#### WHAT IS BEING ASKED
Take from the records below each line that holds "ReSpeaker".
═══ PROVIDED ENTRIES
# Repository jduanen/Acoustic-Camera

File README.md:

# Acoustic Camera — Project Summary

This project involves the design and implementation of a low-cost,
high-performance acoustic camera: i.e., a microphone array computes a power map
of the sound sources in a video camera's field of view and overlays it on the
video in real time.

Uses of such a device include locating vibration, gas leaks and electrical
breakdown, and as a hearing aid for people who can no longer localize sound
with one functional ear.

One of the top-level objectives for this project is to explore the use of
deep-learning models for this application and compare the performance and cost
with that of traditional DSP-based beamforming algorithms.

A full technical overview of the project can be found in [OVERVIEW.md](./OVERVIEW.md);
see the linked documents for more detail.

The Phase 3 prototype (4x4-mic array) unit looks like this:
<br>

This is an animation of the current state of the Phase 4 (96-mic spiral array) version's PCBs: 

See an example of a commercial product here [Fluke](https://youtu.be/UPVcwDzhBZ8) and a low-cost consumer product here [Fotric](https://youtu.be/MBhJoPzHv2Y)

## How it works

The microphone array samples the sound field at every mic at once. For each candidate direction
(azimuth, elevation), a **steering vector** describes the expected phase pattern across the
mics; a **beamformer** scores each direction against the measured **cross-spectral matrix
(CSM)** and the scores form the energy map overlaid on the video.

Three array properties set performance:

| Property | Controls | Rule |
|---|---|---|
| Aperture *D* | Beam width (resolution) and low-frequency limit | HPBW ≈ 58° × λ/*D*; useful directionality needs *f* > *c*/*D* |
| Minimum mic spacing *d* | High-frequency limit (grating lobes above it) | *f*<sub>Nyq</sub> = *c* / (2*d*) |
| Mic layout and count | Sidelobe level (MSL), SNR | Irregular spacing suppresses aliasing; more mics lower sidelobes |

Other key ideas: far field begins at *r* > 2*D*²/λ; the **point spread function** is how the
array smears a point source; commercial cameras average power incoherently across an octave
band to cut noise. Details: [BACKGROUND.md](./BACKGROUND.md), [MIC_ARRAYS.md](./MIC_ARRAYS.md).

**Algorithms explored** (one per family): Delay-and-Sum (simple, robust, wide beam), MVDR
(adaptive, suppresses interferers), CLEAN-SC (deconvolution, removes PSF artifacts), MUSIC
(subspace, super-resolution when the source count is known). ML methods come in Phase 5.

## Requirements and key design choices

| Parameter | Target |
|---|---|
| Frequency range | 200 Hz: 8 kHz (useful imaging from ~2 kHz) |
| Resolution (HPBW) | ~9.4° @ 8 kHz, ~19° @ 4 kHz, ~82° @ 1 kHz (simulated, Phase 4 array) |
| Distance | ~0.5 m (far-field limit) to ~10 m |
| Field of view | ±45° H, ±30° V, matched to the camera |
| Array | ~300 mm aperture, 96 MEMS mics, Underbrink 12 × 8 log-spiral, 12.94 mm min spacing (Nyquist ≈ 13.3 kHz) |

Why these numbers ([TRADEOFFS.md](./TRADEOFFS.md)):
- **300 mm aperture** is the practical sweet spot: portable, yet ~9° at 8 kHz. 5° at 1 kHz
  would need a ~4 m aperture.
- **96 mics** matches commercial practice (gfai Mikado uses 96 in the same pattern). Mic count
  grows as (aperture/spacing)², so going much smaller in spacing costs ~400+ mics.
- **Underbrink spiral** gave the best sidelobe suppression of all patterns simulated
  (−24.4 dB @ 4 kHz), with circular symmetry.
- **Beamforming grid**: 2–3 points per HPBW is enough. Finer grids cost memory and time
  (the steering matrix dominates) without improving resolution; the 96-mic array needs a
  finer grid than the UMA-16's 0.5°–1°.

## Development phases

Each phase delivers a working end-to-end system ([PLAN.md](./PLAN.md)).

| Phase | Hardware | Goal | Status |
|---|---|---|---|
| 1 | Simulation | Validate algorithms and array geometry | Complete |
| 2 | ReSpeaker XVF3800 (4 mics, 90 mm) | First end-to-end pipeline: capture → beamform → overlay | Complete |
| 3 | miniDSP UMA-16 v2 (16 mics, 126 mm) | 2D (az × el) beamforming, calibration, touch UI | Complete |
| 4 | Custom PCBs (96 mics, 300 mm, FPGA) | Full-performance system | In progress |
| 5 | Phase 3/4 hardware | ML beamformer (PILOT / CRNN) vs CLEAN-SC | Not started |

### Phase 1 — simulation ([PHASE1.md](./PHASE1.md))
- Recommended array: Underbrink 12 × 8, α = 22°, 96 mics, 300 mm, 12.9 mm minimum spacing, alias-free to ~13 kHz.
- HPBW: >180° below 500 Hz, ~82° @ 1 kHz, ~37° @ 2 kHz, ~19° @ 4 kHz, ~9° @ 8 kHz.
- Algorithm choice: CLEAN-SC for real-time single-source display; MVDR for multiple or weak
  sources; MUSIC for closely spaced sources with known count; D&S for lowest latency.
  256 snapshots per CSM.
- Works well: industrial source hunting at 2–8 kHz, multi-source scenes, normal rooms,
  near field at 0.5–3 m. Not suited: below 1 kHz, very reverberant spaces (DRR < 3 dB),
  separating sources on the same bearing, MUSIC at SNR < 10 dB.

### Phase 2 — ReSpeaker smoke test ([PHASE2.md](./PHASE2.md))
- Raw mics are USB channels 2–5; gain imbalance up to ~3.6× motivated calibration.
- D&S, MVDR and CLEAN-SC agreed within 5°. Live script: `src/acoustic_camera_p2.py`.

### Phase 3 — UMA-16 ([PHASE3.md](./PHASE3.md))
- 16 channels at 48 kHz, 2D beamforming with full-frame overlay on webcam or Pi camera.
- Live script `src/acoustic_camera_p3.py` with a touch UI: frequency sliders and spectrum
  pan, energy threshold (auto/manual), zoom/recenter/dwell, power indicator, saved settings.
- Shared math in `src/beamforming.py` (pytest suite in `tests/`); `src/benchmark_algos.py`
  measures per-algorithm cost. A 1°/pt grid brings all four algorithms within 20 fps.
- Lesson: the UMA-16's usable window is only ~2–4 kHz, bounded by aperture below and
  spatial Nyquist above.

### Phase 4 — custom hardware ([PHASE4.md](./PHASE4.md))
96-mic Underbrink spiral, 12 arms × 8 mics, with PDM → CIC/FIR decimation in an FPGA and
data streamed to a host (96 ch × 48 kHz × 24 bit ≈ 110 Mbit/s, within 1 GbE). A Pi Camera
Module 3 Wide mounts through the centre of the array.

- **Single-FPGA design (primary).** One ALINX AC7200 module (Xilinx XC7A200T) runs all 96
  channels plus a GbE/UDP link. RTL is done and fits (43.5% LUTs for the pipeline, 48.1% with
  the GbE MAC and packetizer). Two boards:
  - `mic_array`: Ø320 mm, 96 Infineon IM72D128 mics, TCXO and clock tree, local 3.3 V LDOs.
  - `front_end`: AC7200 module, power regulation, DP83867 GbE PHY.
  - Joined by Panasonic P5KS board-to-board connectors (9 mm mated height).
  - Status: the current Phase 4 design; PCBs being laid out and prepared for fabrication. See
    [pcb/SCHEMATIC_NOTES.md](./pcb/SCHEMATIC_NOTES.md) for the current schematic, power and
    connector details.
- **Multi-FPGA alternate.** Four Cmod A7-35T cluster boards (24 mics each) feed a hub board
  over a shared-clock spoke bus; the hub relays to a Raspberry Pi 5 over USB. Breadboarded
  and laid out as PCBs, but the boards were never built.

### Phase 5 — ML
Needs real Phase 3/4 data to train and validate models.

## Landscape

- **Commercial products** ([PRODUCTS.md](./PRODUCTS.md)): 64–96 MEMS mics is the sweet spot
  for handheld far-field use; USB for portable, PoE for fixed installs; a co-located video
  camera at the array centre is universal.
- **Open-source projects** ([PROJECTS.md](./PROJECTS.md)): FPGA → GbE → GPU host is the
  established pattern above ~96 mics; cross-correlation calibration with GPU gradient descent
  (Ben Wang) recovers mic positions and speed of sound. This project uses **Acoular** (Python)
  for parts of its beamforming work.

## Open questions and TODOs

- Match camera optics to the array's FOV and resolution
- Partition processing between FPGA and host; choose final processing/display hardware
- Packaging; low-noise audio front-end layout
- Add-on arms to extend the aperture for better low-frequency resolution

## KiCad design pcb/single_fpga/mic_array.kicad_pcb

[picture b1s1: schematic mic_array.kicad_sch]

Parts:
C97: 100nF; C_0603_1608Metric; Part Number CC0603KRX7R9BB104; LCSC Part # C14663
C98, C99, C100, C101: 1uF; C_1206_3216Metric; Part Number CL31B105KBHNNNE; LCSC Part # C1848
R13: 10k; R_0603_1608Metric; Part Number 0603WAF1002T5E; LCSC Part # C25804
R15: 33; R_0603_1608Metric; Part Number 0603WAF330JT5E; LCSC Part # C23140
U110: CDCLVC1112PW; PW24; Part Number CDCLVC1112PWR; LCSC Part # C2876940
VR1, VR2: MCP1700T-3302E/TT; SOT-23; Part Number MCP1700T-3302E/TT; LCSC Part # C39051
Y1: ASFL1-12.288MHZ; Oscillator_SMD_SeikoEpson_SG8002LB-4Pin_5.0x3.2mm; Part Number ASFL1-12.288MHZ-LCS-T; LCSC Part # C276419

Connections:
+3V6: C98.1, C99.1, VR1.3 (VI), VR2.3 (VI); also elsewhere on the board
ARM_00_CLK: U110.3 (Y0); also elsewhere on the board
══════
#### ANSWER SECTION
| 2 | ReSpeaker XVF3800 (4 mics, 90 mm) | First end-to-end pipeline: capture → beamform → overlay | Complete |
### Phase 2 — ReSpeaker smoke test ([PHASE2.md](./PHASE2.md))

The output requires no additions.